Performance terminology:

| Operations per second | Scientific notation | Metric prefix | Unit | |---------------------------|---------------------|---------------|---------| | 1 000 | 10³ | Kilo | KFLOP/s | | 1 000 000 | 10⁶ | Mega | MFLOP/s | | 1 000 000 000 | 10⁹ | Giga | GFLOP/s | | 1 000 000 000 000 | 10¹² | Tera | TFLOP/s | | 1 000 000 000 000 000 | 10¹⁵ | Peta | PFLOP/s | | 1 000 000 000 000 000 000 | 10¹⁸ | Exa | EFLOP/s |

As the term theoretical suggests, this computing power can generally not be reached in real calculations. Before a CPU can calculate 2.1 + 4.3, it needs to fetch two numbers from memory, and afterward, it needs to store the result back to memory. This does not happen instantaneously, so in practice, the computational speed is determined not only by the pure computing power of a CPU but also by how fast the CPU can access the memory.

Different applications have different ratios for floating operations per memory access. In some cases, the same number is used in multiple computations, as when calculating both 2.1 + 4.3 and 2.1 + 5.3 simultaneously. Suppose the memory access speed is the limiting factor (as is the case with most modern computers). In that case, applications performing many floating-point operations with the same data can achieve higher performance levels than applications with fewer operations per data.

In supercomputers, a CPU in one node might also need to access data in another node. Thus the speed of communicating data between nodes can also limit the practical performance. Furthermore, real-world applications also need to read and write data to the disk, which means that the speed of I/O (input/output, data transfer between processors and storage) may also further limit the performance.

TOP500 List

A benchmark is a standard by which the performance and functionality of a certain device, such as a (super)computer, can be measured. Typically, the runtime of the benchmark application is recorded and used as a metric. With benchmarks, it is easier to compare the performance of different computers.

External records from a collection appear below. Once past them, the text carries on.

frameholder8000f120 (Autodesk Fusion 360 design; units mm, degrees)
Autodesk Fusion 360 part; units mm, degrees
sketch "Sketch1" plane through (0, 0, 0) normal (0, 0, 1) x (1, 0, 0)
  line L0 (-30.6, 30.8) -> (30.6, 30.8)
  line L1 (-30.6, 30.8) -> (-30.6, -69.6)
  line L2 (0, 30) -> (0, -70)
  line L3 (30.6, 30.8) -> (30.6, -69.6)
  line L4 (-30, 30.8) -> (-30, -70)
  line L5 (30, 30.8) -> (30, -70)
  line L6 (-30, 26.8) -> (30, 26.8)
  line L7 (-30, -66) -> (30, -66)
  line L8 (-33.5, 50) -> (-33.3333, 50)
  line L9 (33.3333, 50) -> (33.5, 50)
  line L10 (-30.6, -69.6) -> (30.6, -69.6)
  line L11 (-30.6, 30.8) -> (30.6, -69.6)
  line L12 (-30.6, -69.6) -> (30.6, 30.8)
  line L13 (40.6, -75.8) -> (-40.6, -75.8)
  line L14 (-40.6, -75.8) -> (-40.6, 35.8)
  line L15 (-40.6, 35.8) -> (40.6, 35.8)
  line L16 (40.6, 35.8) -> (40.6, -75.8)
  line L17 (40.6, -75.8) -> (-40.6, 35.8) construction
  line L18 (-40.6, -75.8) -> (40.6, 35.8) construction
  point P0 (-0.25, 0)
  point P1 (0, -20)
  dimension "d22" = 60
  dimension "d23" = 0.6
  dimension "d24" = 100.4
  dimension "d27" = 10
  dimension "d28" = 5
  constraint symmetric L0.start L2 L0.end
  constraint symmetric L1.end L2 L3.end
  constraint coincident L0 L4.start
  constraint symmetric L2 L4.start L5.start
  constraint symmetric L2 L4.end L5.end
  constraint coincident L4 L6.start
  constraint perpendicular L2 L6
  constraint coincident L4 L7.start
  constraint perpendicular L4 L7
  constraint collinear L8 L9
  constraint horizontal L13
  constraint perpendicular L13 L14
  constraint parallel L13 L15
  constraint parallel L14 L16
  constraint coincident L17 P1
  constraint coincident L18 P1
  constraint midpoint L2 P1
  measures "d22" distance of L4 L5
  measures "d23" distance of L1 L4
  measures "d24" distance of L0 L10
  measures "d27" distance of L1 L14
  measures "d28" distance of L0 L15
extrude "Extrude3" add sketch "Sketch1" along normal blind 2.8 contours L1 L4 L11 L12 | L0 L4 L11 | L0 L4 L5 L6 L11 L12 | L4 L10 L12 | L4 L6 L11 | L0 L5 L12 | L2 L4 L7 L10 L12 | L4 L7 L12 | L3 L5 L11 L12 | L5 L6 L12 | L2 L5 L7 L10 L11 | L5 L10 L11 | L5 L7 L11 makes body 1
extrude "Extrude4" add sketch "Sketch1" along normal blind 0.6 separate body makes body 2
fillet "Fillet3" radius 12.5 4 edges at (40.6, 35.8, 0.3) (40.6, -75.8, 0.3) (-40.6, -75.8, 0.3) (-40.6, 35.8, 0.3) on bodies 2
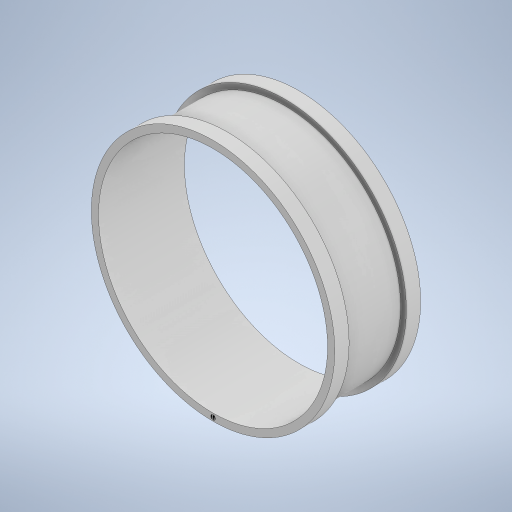
# Autodesk Inventor part: In1
Saved by Autodesk Inventor 2023 (Build 270158000, 158)
## iProperties
Created: 2023-10-09
Part Number: In1
Material: Generic
Document SubType Name: Modeling
Designer: huy20
Density: 1 g/cm^3
Appearance: Default
Author: huy20
Autodesk Inventor part; units mm, degrees
ref_plane "YZ Plane" through (0, 0, 0) normal (1, 0, 0) x (0, 1, 0)
ref_plane "XZ Plane" through (0, 0, 0) normal (0, 1, 0) x (-1, 0, 0)
ref_plane "XY Plane" through (0, 0, 0) normal (0, 0, 1) x (1, 0, 0)
sketch "Sketch1" plane through (0, 0, 0) normal (0, 0, 1) x (1, 0, 0)
  circle A0 centre (0, 0) radius 4
  circle A1 centre (0, 0) radius 4.25
  dimension "d0" = 8
  dimension "d1" = 8.5
  constraints: 2 centre point, 2 coincident
  measures "d0" diameter of A0
  measures "d1" diameter of A1
extrude "Extrusion1" add sketch "Sketch1" along normal mid plane 3
sketch "Sketch5" plane through (0, 0, 0) normal (0, 1, 0) x (-1, 0, 0)
  line L0 (0, -2.1235) -> (0, 2.5622)
  line L1 (4.25, -1.5) -> (4.25, 1.5) projected
  line L2 (4.25, -1) -> (4.05, -1)
  line L3 (4.05, -1) -> (4.05, 1)
  line L4 (4.05, 1) -> (4.25, 1)
  line L5 (-4.25, -1.5) -> (4.25, -1.5) projected
  point P0 (0, 0)
  dimension "d12" = 0.2
  dimension "d13" = 2
  dimension "d14" = 0.5
  constraints: 8 end point, 3 perpendicular, 2 point on line, 1 vertical
  measures "d12" distance between parallel lines of L1 L3
  measures "d13" distance of L2.end L3.end
  measures "d14" distance between parallel lines of L2 L5
revolve "Revolution1" cut sketch "Sketch5" angle 360 about axis through (0, 0, -2.1235) along (0, 0, 1)
sketch "Sketch6" plane through (0, 0, 1.5) normal (0, 0, 1) x (1, 0, 0)
  circle A0 centre (0, -4.1314) radius 0.0831
  point P0 (0, 0)
  constraints: 1 centre point
extrude "Extrusion2" add sketch "Sketch6" against normal blind 0.1 separate body
mirror "Mirror1" about plane through (0, 0, 0) normal (0, 0, 1) of "Extrusion2" bodies 2
body "Solid1"
body "Solid2"

LINPACK is a common benchmark which measures a system's floating-point computing power. LINPACK performs linear algebra operations to solve a system of linear equations, and typically about 75% of the theoretical peak performance is achieved in the measuring.

TOP500 is a supercomputer ranking list that collects LINPACK results submitted by organizations operating supercomputers. The list is updated twice a year, and the 500 most powerful supercomputers worldwide are ranked according to their computational power measured by the LINPACK benchmark.

In the first-ever TOP500 list in June 1993, the most powerful supercomputer came from the USA and had a performance of 60 GFLOP/s. In comparison, in November 2020, the fastest supercomputer (from Japan) had a performance of 440 PFLOP/s, which is almost seven million times faster than the winner 27 years before. Similarly, the last system (#500) on the list in June 1993 had a power of 0.4 GFLOP/s, while in November 2020, it had a power of 1.3 PFLOP/s, which is about three million times faster. Just like normal computers, supercomputers have reached tremendous increases in computational power over the years.

The figure below illustrates the performance development of TOP 500 supercomputers between 1993 and 2021. Green dots represent the total performance of the top 500 computers; orange triangles represent the #1 computer, and blue squares the #500 computer.

TOP500 list from 1993

For perspective, a modern laptop can have a performance of around 300 GFLOP/s, which means it would have been the number one supercomputer in June 1993. In 2020, the number one supercomputer had the power equivalence of over a million such laptops combined.

The Mahti supercomputer at CSC – IT For Science has a theoretical peak performance of 7.5 PFLOP/s, which means $ 7.5\times10^{15}$ operations per second, corresponding to around 24,000 laptops combined. So even if every person on Earth would perform one arithmetic operation per second, the combined performance would still be a million times lower than Mahti’s.

The new LUMI supercomputer has a theoretical peak performance of 428.70 PFLOP/s and is as of 2023 the third most powerful supercomputer in the world.